JavaMail API downloaden und einbinden...


----------



## wintersun (21. Apr 2010)

Hi,

Danke es funtioniert..
Ich habe aber noch eine Frege bitte.
Wenn ich jetzt mein Programm kompiliere, dann bekomme ich nur Titel von dem Suchwort in der Console.
Ich möchte aber direkt mit dem Browser verbinden ( z.B.: firefox, exprorer, safari..usw.)
dh. Wenn ich mein program einschalte dann will ich einfach mit youtube verbinden und dann die Videos was es in YouTube gibt sehen.

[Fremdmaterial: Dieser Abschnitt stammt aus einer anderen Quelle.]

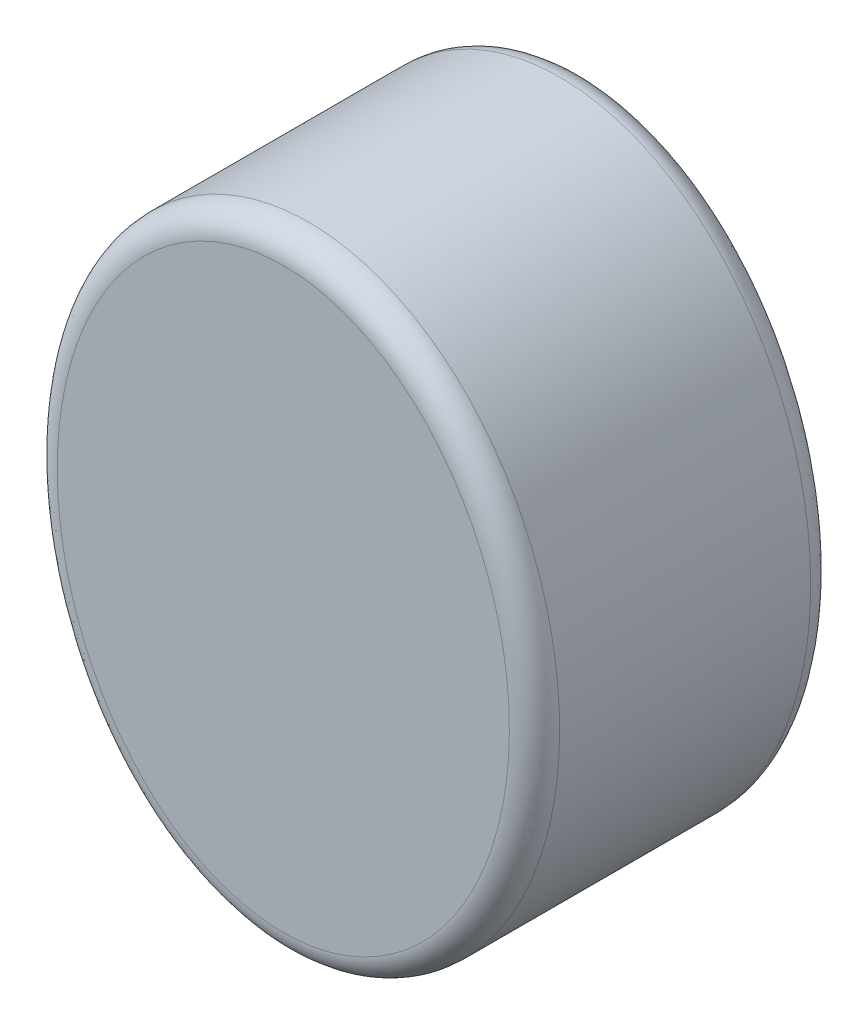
ISO-10303-21;
HEADER;
FILE_DESCRIPTION(('STEP AP214'),'2;1');
FILE_NAME('part.step','',(''),(''),'','','');
FILE_SCHEMA(('AUTOMOTIVE_DESIGN { 1 0 10303 214 1 1 1 1 }'));
ENDSEC;
DATA;
#1=APPLICATION_CONTEXT('core data for automotive mechanical design processes');
#2=APPLICATION_PROTOCOL_DEFINITION('international standard','automotive_design',2000,#1);
#3=PRODUCT_CONTEXT('',#1,'mechanical');
#4=PRODUCT('Part','Part','',(#3));
#5=PRODUCT_RELATED_PRODUCT_CATEGORY('part','',(#4));
#6=PRODUCT_DEFINITION_FORMATION('','',#4);
#7=PRODUCT_DEFINITION_CONTEXT('part definition',#1,'design');
#8=PRODUCT_DEFINITION('design','',#6,#7);
#9=PRODUCT_DEFINITION_SHAPE('','',#8);
#10=(LENGTH_UNIT() NAMED_UNIT(*) SI_UNIT(.MILLI.,.METRE.));
#11=(NAMED_UNIT(*) PLANE_ANGLE_UNIT() SI_UNIT($,.RADIAN.));
#12=(NAMED_UNIT(*) SI_UNIT($,.STERADIAN.) SOLID_ANGLE_UNIT());
#13=UNCERTAINTY_MEASURE_WITH_UNIT(LENGTH_MEASURE(1.E-05),#10,'distance_accuracy_value','');
#14=(GEOMETRIC_REPRESENTATION_CONTEXT(3) GLOBAL_UNCERTAINTY_ASSIGNED_CONTEXT((#13)) GLOBAL_UNIT_ASSIGNED_CONTEXT((#10,
#11,#12)) REPRESENTATION_CONTEXT('',''));
#15=CARTESIAN_POINT('',(0.,0.,0.));
#16=DIRECTION('',(0.,0.,1.));
#17=DIRECTION('',(1.,0.,0.));
#18=AXIS2_PLACEMENT_3D('',#15,#16,#17);
#19=CARTESIAN_POINT('',(0.,0.,12.));
#20=DIRECTION('',(0.,0.,1.));
#21=DIRECTION('',(0.,-1.,0.));
#22=AXIS2_PLACEMENT_3D('',#19,#20,#21);
#23=ELLIPSE('',#22,12.5,10.);
#24=DIRECTION('',(0.,0.,-1.));
#25=VECTOR('',#24,1.);
#26=SURFACE_OF_LINEAR_EXTRUSION('',#23,#25);
#27=CARTESIAN_POINT('',(-1.91382941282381,-11.2354288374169,0.));
#28=CARTESIAN_POINT('',(-2.18313530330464,-12.1984835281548,0.));
#29=CARTESIAN_POINT('',(-2.18313530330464,-12.1984835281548,1.));
#30=CARTESIAN_POINT('',(-1.7024161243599,-11.2945486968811,0.));
#31=CARTESIAN_POINT('',(-1.94285591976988,-12.2656752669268,0.));
#32=CARTESIAN_POINT('',(-1.94285591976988,-12.2656752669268,1.));
#33=CARTESIAN_POINT('',(-1.4883367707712,-11.344150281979,0.));
#34=CARTESIAN_POINT('',(-1.69911747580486,-12.3221669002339,0.));
#35=CARTESIAN_POINT('',(-1.69911747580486,-12.3221669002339,1.));
#36=CARTESIAN_POINT('',(-1.05650218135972,-11.4234204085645,0.));
#37=CARTESIAN_POINT('',(-1.20682674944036,-12.4125344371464,0.));
#38=CARTESIAN_POINT('',(-1.20682674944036,-12.4125344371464,1.));
#39=CARTESIAN_POINT('',(-0.838746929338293,-11.453088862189,0.));
#40=CARTESIAN_POINT('',(-0.958274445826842,-12.4464102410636,0.));
#41=CARTESIAN_POINT('',(-0.958274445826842,-12.4464102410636,1.));
#42=CARTESIAN_POINT('',(-0.40147392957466,-11.4919136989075,0.));
#43=CARTESIAN_POINT('',(-0.458835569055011,-12.4907545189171,0.));
#44=CARTESIAN_POINT('',(-0.458835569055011,-12.4907545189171,1.));
#45=CARTESIAN_POINT('',(-0.181956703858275,-11.5010759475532,0.));
#46=CARTESIAN_POINT('',(-0.207949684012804,-12.5012296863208,0.));
#47=CARTESIAN_POINT('',(-0.207949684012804,-12.5012296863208,1.));
#48=CARTESIAN_POINT('',(0.256957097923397,-11.4987231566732,0.));
#49=CARTESIAN_POINT('',(0.293664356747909,-12.4985407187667,0.));
#50=CARTESIAN_POINT('',(0.293664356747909,-12.4985407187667,1.));
#51=CARTESIAN_POINT('',(0.476353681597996,-11.4872096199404,0.));
#52=CARTESIAN_POINT('',(0.544392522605,-12.4853783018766,0.));
#53=CARTESIAN_POINT('',(0.544392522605,-12.4853783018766,1.));
#54=CARTESIAN_POINT('',(0.892706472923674,-11.4457705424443,0.));
#55=CARTESIAN_POINT('',(1.019864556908,-12.4380556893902,0.));
#56=CARTESIAN_POINT('',(1.019864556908,-12.4380556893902,1.));
#57=CARTESIAN_POINT('',(1.08984647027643,-11.4176631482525,0.));
#58=CARTESIAN_POINT('',(1.24485011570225,-12.4059692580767,0.));
#59=CARTESIAN_POINT('',(1.24485011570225,-12.4059692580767,1.));
#60=CARTESIAN_POINT('',(1.48115240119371,-11.3450802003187,0.));
#61=CARTESIAN_POINT('',(1.69091562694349,-12.3232290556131,0.));
#62=CARTESIAN_POINT('',(1.69091562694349,-12.3232290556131,1.));
#63=CARTESIAN_POINT('',(1.67531731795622,-11.3005991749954,0.));
#64=CARTESIAN_POINT('',(1.91199424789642,-12.2725690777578,0.));
#65=CARTESIAN_POINT('',(1.91199424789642,-12.2725690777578,1.));
#66=CARTESIAN_POINT('',(2.059297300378,-11.1959466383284,0.));
#67=CARTESIAN_POINT('',(2.34851419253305,-12.1535973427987,0.));
#68=CARTESIAN_POINT('',(2.34851419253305,-12.1535973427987,1.));
#69=CARTESIAN_POINT('',(2.24911382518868,-11.1357804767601,0.));
#70=CARTESIAN_POINT('',(2.56395741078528,-12.085291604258,0.));
#71=CARTESIAN_POINT('',(2.56395741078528,-12.085291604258,1.));
#72=CARTESIAN_POINT('',(2.62340980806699,-11.0005981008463,0.));
#73=CARTESIAN_POINT('',(2.98799061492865,-11.9321458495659,0.));
#74=CARTESIAN_POINT('',(2.98799061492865,-11.9321458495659,1.));
#75=CARTESIAN_POINT('',(2.80788717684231,-10.9255761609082,0.));
#76=CARTESIAN_POINT('',(3.19657792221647,-11.8472994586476,0.));
#77=CARTESIAN_POINT('',(3.19657792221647,-11.8472994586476,1.));
#78=CARTESIAN_POINT('',(3.36323170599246,-10.674465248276,0.));
#79=CARTESIAN_POINT('',(3.82317134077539,-11.5639728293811,0.));
#80=CARTESIAN_POINT('',(3.82317134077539,-11.5639728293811,1.));
#81=CARTESIAN_POINT('',(3.72405521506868,-10.4756356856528,0.));
#82=CARTESIAN_POINT('',(4.22840825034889,-11.3404835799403,0.));
#83=CARTESIAN_POINT('',(4.22840825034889,-11.3404835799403,1.));
#84=CARTESIAN_POINT('',(4.41282243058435,-10.0280273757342,0.));
#85=CARTESIAN_POINT('',(4.99842245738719,-10.8400820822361,0.));
#86=CARTESIAN_POINT('',(4.99842245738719,-10.8400820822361,1.));
#87=CARTESIAN_POINT('',(4.74075305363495,-9.77922887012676,0.));
#88=CARTESIAN_POINT('',(5.36318366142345,-10.5631487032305,0.));
#89=CARTESIAN_POINT('',(5.36318366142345,-10.5631487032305,1.));
#90=CARTESIAN_POINT('',(5.40833920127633,-9.19930690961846,0.));
#91=CARTESIAN_POINT('',(6.10258644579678,-9.92084572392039,0.));
#92=CARTESIAN_POINT('',(6.10258644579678,-9.92084572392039,1.));
#93=CARTESIAN_POINT('',(5.74210287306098,-8.86141121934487,0.));
#94=CARTESIAN_POINT('',(6.47019042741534,-9.54842773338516,0.));
#95=CARTESIAN_POINT('',(6.47019042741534,-9.54842773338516,1.));
#96=CARTESIAN_POINT('',(6.36013493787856,-8.14321329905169,0.));
#97=CARTESIAN_POINT('',(7.14808167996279,-8.76066603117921,0.));
#98=CARTESIAN_POINT('',(7.14808167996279,-8.76066603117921,1.));
#99=CARTESIAN_POINT('',(6.64437181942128,-7.76288432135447,0.));
#100=CARTESIAN_POINT('',(7.45833246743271,-8.34529525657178,0.));
#101=CARTESIAN_POINT('',(7.45833246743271,-8.34529525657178,1.));
#102=CARTESIAN_POINT('',(7.21857832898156,-6.88531158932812,0.));
#103=CARTESIAN_POINT('',(8.08305336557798,-7.39052831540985,0.));
#104=CARTESIAN_POINT('',(8.08305336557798,-7.39052831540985,1.));
#105=CARTESIAN_POINT('',(7.49686182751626,-6.380424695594,0.));
#106=CARTESIAN_POINT('',(8.38433348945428,-6.84356505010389,0.));
#107=CARTESIAN_POINT('',(8.38433348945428,-6.84356505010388,1.));
#108=CARTESIAN_POINT('',(7.9817682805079,-5.33747779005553,0.));
#109=CARTESIAN_POINT('',(8.90789259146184,-5.71746829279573,0.));
#110=CARTESIAN_POINT('',(8.90789259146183,-5.71746829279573,1.));
#111=CARTESIAN_POINT('',(8.18834511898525,-4.79939669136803,0.));
#112=CARTESIAN_POINT('',(9.13012073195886,-5.13831437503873,0.));
#113=CARTESIAN_POINT('',(9.13012073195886,-5.13831437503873,1.));
#114=CARTESIAN_POINT('',(8.56813337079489,-3.58419545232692,0.));
#115=CARTESIAN_POINT('',(9.53800222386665,-3.83323972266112,0.));
#116=CARTESIAN_POINT('',(9.53800222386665,-3.83323972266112,1.));
#117=CARTESIAN_POINT('',(8.72483777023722,-2.90189301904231,0.));
#118=CARTESIAN_POINT('',(9.70575260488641,-3.1023563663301,0.));
#119=CARTESIAN_POINT('',(9.7057526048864,-3.1023563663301,1.));
#120=CARTESIAN_POINT('',(8.93756852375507,-1.52153793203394,0.));
#121=CARTESIAN_POINT('',(9.9333287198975,-1.62563297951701,0.));
#122=CARTESIAN_POINT('',(9.93332871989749,-1.62563297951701,1.));
#123=CARTESIAN_POINT('',(8.9935029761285,-0.82347148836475,0.));
#124=CARTESIAN_POINT('',(9.99305593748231,-0.879779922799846,0.));
#125=CARTESIAN_POINT('',(9.99305593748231,-0.879779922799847,1.));
#126=CARTESIAN_POINT('',(9.00629349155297,0.674780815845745,0.));
#127=CARTESIAN_POINT('',(10.0067270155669,0.720922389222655,0.));
#128=CARTESIAN_POINT('',(10.0067270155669,0.720922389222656,1.));
#129=CARTESIAN_POINT('',(8.94766012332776,1.47514308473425,0.));
#130=CARTESIAN_POINT('',(9.94413306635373,1.57594366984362,0.));
#131=CARTESIAN_POINT('',(9.94413306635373,1.57594366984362,1.));
#132=CARTESIAN_POINT('',(8.69806077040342,3.05523768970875,0.));
#133=CARTESIAN_POINT('',(9.67709742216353,3.26646569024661,0.));
#134=CARTESIAN_POINT('',(9.67709742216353,3.26646569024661,1.));
#135=CARTESIAN_POINT('',(8.50712483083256,3.83497466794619,0.));
#136=CARTESIAN_POINT('',(9.4726879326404,4.10197081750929,0.));
#137=CARTESIAN_POINT('',(9.4726879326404,4.10197081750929,1.));
#138=CARTESIAN_POINT('',(8.03474443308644,5.21571462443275,0.));
#139=CARTESIAN_POINT('',(8.9648869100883,5.58622319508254,0.));
#140=CARTESIAN_POINT('',(8.9648869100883,5.58622319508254,1.));
#141=CARTESIAN_POINT('',(7.77495753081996,5.82413385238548,0.));
#142=CARTESIAN_POINT('',(8.68504600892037,6.24208508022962,0.));
#143=CARTESIAN_POINT('',(8.68504600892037,6.24208508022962,1.));
#144=CARTESIAN_POINT('',(7.1602868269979,6.9909793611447,0.));
#145=CARTESIAN_POINT('',(8.01976630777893,7.50503093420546,0.));
#146=CARTESIAN_POINT('',(8.01976630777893,7.50503093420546,1.));
#147=CARTESIAN_POINT('',(6.80552904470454,7.54947059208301,0.));
#148=CARTESIAN_POINT('',(7.63446742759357,8.11217816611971,0.));
#149=CARTESIAN_POINT('',(7.63446742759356,8.11217816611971,1.));
#150=CARTESIAN_POINT('',(6.08490415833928,8.48247948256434,0.));
#151=CARTESIAN_POINT('',(6.84671379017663,9.13208099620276,0.));
#152=CARTESIAN_POINT('',(6.84671379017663,9.13208099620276,1.));
#153=CARTESIAN_POINT('',(5.73714435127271,8.87096091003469,0.));
#154=CARTESIAN_POINT('',(6.4649982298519,9.5588343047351,0.));
#155=CARTESIAN_POINT('',(6.4649982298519,9.55883430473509,1.));
#156=CARTESIAN_POINT('',(4.98324528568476,9.58668208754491,0.));
#157=CARTESIAN_POINT('',(5.63249664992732,10.3491814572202,0.));
#158=CARTESIAN_POINT('',(5.63249664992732,10.3491814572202,1.));
#159=CARTESIAN_POINT('',(4.57716325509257,9.91398115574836,0.));
#160=CARTESIAN_POINT('',(5.18177831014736,10.7128364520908,0.));
#161=CARTESIAN_POINT('',(5.18177831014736,10.7128364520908,1.));
#162=CARTESIAN_POINT('',(3.78338925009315,10.4420417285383,0.));
#163=CARTESIAN_POINT('',(4.29499348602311,11.3027536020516,0.));
#164=CARTESIAN_POINT('',(4.29499348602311,11.3027536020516,1.));
#165=CARTESIAN_POINT('',(3.40374341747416,10.6547751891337,0.));
#166=CARTESIAN_POINT('',(3.86880914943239,11.5417887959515,0.));
#167=CARTESIAN_POINT('',(3.86880914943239,11.5417887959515,1.));
#168=CARTESIAN_POINT('',(2.81222558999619,10.9242506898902,0.));
#169=CARTESIAN_POINT('',(3.20150646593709,11.8457888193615,0.));
#170=CARTESIAN_POINT('',(3.20150646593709,11.8457888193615,1.));
#171=CARTESIAN_POINT('',(2.61143894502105,11.0057887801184,0.));
#172=CARTESIAN_POINT('',(2.97447041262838,11.938011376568,0.));
#173=CARTESIAN_POINT('',(2.97447041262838,11.938011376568,1.));
#174=CARTESIAN_POINT('',(2.20359501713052,11.1512227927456,0.));
#175=CARTESIAN_POINT('',(2.51234257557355,12.1028029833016,0.));
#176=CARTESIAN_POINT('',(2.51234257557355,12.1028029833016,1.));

Könnte jemand auch noch helfen, wie ich das machen soll?

Danke im Voraus
Lg.


----------



## eRaaaa (21. Apr 2010)

wintersun hat gesagt.:


> Ich möchte aber direkt mit dem Browser verbinden ( z.B.: firefox, exprorer, safari..usw.)
> dh. Wenn ich mein program einschalte dann will ich einfach mit youtube verbinden und dann die Videos was es in YouTube gibt sehen.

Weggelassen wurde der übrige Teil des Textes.